The Local Division Munich therefore ordered the defendants (in short):

  • To cease and desist from using or offering from use a method according to claim 1 of EP 482 in the territory of the UPC member states 
    (direct infringement of claim 1 of EP 482)
  • To cease and desist from offering and/or supplying for use, in the UPCA territory, devices suitable for performing a method according to claim 1 of EP 482 for detecting a plurality of RNAs in a cell or tissue sample, without
    (1)    stating explicitly, conspicuously and prominently on each offer, on the first page of the operating instructions, in the delivery documents and on the packaging that the devices may not be used for the detection of RNA in a patented method without the consent of Claimant 2) and that a use for the detection of RNA without the consent of Claimant 2) has to be desisted 
    (2)    imposing on the purchasers a written obligation not to use the devices for the detection of RNA without the prior consent of Claimant 2), subject to the imposition of a reasonable contractual penalty to be paid to Claimant 2), to be determined by Claimant 2) and, if necessary, to be reviewed by the competent court, for each case of infringement;     
    (indirect infringement of claim 1 of EP 482)
  • To cease and desist from offering and/or supplying in the UPCA territory for use of the method in the UPCA territory detection reagents suitable for performing a method according to claim 1 of EP 482
    (indirect infringement of claim 1 of EP 482)
  • To cease and desist from offering and/or supplying in the UPCA territory for the use of the method according to claim 1 of EP 482 in the UPCA territory decoder probes suitable for performing a method for detecting a plurality of RNAs in a cell or tissue sample according to claim 1 of EP 482, without
    (1)    stating explicitly, conspicuously and prominently on each offer, on the first page of the operating instructions, in the delivery documents and on the packaging that the devices may not be used for the detection of RNA in a patented method without the consent of Claimant 2) and that a use for the detection of RNA without the consent of Claimant 2) has to be desisted 
    (2)    imposing on the purchasers a written obligation not to use the devices for the detection of RNA without the prior consent of Claimant 2), subject to the imposition of a reasonable contractual penalty to be paid to Claimant 2), to be determined by Claimant 2) and, if necessary, to be reviewed by the competent court, for each case of infringement; 
    (indirect infringement of claim 1 of EP 482)
  • To pay to the court a (possibly repeated) penalty payment of up to EUR 250,000 for each individual infringement of the preceding orders                                                        
  • To pay the costs of the proceedings. 

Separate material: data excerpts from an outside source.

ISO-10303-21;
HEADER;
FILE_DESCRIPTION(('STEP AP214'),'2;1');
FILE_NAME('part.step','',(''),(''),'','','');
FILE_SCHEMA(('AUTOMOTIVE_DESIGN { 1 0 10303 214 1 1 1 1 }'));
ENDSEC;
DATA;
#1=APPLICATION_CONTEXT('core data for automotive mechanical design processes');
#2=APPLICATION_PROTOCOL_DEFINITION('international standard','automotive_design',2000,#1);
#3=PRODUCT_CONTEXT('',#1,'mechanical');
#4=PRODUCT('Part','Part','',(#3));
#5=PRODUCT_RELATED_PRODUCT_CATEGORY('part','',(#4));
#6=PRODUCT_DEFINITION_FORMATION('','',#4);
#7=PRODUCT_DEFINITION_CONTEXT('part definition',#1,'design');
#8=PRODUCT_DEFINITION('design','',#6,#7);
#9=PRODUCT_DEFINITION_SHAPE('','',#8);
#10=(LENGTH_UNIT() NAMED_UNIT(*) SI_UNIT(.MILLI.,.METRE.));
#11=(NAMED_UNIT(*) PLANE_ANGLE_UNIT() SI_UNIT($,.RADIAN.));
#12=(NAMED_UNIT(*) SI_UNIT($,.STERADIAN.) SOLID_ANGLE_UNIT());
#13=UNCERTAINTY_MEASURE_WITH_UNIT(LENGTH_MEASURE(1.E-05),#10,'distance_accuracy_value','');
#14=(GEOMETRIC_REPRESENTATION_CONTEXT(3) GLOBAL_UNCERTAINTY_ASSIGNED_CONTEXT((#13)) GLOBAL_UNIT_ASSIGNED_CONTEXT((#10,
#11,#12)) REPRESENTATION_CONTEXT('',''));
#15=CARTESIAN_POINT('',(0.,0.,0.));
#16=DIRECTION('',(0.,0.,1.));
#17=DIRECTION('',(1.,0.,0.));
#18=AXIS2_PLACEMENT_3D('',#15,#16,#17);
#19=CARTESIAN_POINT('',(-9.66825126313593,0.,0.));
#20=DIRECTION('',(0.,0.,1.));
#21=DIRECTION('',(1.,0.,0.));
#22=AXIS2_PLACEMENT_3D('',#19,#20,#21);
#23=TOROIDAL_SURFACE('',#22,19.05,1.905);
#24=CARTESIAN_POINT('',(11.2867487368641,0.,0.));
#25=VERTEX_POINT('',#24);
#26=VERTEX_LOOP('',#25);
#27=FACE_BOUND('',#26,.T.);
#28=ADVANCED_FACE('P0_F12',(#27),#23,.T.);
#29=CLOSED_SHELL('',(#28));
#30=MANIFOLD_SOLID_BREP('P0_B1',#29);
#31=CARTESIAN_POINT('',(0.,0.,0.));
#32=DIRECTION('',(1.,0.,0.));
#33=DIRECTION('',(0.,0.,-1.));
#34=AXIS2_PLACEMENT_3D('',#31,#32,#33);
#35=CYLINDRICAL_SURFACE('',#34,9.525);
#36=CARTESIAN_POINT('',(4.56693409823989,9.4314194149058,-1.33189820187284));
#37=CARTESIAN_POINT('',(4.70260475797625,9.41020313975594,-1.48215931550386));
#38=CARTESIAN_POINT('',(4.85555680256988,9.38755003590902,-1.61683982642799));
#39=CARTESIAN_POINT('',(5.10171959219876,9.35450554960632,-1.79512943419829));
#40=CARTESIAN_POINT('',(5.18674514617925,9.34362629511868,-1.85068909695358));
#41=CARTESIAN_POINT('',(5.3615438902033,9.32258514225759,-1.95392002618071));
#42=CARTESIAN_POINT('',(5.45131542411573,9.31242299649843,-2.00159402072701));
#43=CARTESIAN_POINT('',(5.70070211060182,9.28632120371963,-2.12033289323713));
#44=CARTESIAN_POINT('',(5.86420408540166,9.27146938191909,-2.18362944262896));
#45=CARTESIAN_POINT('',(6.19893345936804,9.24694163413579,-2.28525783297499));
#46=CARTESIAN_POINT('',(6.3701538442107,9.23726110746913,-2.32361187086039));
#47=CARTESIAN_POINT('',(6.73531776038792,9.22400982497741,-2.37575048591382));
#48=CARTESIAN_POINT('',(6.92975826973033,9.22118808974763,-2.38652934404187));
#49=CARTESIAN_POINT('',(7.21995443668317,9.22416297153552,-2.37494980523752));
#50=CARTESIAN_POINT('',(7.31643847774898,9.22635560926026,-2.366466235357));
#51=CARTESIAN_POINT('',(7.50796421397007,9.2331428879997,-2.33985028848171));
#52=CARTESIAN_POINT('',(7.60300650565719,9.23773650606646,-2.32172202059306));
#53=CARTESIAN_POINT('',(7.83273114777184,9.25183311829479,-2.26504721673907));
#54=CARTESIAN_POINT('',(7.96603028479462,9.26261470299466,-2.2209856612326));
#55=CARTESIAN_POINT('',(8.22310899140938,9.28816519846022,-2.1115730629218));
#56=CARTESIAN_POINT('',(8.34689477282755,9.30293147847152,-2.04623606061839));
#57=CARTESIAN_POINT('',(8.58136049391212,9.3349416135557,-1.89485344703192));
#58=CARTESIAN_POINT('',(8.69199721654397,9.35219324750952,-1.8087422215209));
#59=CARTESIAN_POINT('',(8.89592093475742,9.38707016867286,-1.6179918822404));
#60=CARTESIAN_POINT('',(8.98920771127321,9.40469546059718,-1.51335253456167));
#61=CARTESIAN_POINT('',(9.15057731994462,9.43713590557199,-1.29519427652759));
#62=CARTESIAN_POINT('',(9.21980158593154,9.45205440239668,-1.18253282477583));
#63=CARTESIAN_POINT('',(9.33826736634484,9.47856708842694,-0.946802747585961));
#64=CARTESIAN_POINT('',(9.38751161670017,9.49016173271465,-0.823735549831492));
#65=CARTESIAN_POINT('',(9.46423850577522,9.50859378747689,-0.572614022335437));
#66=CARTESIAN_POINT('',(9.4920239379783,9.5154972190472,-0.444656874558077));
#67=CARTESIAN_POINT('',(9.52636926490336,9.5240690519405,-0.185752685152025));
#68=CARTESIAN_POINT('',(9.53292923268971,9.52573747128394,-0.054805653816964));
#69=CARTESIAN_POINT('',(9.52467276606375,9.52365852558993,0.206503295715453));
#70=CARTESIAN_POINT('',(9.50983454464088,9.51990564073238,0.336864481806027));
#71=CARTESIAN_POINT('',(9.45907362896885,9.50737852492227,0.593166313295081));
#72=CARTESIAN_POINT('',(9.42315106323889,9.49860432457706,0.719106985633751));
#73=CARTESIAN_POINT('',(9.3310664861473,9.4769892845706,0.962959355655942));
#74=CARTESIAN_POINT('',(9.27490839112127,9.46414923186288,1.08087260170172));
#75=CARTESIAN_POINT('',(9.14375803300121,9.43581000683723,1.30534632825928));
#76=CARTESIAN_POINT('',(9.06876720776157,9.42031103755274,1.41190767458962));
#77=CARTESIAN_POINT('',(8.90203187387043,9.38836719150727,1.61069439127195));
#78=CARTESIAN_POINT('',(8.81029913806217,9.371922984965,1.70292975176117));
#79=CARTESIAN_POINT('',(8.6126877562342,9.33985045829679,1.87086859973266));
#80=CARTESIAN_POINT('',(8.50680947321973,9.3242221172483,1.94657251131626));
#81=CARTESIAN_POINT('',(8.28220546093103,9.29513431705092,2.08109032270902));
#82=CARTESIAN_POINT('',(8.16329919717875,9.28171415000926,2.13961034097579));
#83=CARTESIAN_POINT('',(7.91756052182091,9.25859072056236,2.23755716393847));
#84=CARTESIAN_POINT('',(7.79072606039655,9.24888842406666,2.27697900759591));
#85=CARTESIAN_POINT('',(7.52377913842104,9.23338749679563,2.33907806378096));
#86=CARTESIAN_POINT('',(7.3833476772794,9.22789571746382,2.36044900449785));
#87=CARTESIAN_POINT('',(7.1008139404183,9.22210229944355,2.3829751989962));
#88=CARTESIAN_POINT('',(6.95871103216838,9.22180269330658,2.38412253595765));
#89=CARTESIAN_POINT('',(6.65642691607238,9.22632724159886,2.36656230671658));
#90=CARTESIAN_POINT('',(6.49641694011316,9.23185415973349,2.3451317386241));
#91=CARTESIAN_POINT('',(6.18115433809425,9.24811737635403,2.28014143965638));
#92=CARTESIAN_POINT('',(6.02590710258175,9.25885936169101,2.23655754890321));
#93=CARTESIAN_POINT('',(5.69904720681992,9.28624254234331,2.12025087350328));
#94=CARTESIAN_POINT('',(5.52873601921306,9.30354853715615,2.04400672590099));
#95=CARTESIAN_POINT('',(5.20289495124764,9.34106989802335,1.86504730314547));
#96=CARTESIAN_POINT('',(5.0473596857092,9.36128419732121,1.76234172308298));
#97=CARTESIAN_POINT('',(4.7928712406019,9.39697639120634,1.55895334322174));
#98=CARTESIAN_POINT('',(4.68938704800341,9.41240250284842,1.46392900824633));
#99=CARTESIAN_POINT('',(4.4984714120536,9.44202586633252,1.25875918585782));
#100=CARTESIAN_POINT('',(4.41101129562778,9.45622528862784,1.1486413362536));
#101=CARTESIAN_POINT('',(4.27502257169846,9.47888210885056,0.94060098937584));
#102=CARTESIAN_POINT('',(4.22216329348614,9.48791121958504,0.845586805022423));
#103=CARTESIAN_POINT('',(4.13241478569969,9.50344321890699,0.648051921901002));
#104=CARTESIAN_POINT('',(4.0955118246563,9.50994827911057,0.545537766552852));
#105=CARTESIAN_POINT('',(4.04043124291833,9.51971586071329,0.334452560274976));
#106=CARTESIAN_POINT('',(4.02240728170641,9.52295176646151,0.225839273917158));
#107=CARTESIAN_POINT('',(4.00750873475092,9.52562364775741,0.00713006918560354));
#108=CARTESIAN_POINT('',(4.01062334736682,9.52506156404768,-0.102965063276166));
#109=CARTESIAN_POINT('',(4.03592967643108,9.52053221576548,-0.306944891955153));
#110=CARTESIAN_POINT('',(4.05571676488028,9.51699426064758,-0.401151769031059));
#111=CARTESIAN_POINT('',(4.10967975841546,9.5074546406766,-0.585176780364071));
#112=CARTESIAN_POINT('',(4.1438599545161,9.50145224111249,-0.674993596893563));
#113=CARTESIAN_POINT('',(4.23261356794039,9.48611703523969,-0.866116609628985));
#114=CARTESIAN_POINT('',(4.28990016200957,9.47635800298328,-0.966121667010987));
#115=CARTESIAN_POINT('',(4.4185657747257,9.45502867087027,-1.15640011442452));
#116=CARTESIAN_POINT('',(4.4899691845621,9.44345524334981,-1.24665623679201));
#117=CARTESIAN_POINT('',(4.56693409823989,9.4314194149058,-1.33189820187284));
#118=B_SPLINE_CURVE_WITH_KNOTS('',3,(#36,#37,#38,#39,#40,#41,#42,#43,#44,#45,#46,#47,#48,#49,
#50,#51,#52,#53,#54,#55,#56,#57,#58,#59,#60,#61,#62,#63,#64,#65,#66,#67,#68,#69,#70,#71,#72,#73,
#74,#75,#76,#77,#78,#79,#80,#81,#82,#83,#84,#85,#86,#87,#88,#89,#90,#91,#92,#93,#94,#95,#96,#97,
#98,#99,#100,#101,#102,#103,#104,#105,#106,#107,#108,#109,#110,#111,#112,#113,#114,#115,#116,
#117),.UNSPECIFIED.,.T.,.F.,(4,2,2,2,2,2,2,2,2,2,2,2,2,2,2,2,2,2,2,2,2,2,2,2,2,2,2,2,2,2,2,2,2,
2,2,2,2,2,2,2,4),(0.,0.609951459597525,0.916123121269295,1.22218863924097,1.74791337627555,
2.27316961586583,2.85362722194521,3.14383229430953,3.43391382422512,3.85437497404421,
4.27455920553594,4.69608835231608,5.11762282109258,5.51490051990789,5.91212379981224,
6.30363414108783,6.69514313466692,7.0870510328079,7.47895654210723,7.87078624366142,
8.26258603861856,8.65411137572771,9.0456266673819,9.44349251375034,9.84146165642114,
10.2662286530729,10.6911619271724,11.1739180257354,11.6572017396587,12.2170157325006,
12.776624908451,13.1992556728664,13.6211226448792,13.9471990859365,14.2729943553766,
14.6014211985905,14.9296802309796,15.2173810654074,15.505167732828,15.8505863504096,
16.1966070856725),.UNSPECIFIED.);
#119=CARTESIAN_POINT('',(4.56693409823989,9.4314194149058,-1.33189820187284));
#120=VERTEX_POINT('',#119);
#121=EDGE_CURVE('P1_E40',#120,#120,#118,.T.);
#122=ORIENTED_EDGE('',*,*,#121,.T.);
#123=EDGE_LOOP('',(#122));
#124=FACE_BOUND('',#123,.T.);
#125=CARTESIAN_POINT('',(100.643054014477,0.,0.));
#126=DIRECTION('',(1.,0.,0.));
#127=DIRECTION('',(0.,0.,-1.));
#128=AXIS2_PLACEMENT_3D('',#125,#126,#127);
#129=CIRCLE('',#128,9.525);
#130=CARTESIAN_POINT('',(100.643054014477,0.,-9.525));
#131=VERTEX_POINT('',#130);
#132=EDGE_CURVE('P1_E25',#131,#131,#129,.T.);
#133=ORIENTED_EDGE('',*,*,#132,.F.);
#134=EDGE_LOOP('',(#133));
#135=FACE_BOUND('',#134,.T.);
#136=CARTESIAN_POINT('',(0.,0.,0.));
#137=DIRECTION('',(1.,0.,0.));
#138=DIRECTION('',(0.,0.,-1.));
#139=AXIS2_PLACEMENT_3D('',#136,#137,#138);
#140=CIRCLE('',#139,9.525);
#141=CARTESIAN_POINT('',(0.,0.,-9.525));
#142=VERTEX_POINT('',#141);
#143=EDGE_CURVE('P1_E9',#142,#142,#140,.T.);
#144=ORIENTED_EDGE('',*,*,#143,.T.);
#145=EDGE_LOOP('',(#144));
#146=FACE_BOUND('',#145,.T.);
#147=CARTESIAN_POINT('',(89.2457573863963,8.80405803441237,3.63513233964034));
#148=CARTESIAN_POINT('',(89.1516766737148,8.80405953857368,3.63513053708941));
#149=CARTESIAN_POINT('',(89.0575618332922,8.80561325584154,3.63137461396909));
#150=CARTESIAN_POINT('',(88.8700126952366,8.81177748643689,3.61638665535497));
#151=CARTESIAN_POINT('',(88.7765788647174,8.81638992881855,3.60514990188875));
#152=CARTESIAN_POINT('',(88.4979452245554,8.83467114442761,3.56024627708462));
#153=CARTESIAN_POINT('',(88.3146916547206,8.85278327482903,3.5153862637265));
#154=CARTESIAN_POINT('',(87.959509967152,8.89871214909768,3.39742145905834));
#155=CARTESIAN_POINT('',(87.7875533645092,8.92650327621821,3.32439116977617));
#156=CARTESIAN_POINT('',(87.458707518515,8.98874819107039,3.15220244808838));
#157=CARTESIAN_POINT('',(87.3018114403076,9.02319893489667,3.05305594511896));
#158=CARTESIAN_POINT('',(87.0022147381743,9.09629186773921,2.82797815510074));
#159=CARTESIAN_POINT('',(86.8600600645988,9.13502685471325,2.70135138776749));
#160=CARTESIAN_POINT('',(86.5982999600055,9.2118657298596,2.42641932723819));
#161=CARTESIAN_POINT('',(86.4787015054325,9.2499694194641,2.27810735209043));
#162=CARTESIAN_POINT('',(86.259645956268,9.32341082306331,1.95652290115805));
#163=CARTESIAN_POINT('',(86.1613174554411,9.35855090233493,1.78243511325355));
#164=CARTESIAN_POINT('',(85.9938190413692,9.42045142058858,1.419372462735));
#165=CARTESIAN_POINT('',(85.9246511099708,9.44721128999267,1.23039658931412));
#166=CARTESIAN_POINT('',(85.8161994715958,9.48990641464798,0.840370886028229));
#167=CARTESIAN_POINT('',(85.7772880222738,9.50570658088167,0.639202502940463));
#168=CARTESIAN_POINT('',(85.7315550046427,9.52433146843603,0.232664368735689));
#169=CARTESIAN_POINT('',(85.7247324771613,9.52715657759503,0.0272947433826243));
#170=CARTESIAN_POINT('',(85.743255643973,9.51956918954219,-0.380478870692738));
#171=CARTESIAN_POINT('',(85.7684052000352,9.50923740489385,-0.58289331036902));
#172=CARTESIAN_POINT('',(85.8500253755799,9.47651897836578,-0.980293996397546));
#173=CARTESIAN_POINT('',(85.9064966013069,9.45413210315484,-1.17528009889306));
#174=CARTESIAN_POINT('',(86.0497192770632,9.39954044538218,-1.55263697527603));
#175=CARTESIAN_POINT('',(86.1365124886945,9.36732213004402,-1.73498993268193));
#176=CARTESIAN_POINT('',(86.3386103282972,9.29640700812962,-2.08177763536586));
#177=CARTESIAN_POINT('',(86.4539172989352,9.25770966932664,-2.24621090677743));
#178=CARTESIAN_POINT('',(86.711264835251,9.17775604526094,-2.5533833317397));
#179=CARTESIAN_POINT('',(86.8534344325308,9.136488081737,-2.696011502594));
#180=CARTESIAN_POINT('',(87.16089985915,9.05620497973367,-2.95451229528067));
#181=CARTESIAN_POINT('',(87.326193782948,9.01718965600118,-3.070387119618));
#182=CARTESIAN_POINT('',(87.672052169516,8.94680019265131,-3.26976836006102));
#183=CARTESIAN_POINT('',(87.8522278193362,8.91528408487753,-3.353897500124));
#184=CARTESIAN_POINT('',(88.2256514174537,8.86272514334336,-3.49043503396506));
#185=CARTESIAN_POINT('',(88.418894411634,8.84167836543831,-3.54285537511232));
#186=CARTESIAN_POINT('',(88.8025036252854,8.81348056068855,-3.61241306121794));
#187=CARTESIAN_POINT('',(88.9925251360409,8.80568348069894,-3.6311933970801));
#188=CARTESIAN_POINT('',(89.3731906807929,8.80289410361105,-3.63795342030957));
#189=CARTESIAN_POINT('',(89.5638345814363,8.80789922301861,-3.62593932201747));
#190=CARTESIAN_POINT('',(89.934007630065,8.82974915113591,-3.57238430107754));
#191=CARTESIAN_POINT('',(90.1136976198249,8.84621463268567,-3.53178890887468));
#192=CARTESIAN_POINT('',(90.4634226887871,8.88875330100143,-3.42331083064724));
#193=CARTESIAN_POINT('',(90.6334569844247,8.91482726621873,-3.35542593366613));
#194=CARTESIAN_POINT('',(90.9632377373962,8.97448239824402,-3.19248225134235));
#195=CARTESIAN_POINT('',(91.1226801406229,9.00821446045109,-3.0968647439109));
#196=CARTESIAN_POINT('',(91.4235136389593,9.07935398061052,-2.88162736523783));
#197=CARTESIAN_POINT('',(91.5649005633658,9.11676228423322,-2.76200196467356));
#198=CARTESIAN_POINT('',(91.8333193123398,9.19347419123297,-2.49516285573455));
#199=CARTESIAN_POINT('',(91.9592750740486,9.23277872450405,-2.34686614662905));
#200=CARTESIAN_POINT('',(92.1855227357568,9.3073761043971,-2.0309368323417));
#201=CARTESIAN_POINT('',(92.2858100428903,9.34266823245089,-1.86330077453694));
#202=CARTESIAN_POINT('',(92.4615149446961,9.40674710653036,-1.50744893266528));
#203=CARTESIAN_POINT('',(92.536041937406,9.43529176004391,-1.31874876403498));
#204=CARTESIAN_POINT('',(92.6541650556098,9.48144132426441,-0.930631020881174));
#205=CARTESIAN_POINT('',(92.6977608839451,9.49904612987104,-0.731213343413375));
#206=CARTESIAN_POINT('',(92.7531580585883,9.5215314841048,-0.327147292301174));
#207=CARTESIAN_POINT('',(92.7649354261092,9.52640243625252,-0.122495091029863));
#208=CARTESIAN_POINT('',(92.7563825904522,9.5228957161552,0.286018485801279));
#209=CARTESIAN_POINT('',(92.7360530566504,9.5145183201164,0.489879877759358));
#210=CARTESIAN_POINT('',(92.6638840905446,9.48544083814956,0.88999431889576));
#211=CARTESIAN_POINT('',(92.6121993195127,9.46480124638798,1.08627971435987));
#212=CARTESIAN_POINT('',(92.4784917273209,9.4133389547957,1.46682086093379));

In all other respects, the request for provisional measures was dismissed, and the requests made by the Defendants were dismissed. The Court’s orders were declared to be immediately effective and enforceable, and the amount in dispute was set at EUR 7 million. 

H.     Comment        

The injunction against NanoString will be in effect at least until the UPC issues a final decision on the main infringement actions based on the same patents, likely at the end of next year, or until EP’782 is revoked in parallel EPO opposition proceedings. NanoString can appeal the grant of the PI and has reportedly done so. Thus, the present decision is not yet final.

In any case, it is apparent from the decision that the UPC judges were fully aware that a new court has to prove its quality to give more parties the confidence to litigate their patent disputes there. They are succeeding. After the first UPC decisions have been published more actions have been filed. Soon the UPC will have to adjust its resources to continue to deliver on its promise of fast and well-founded decisions.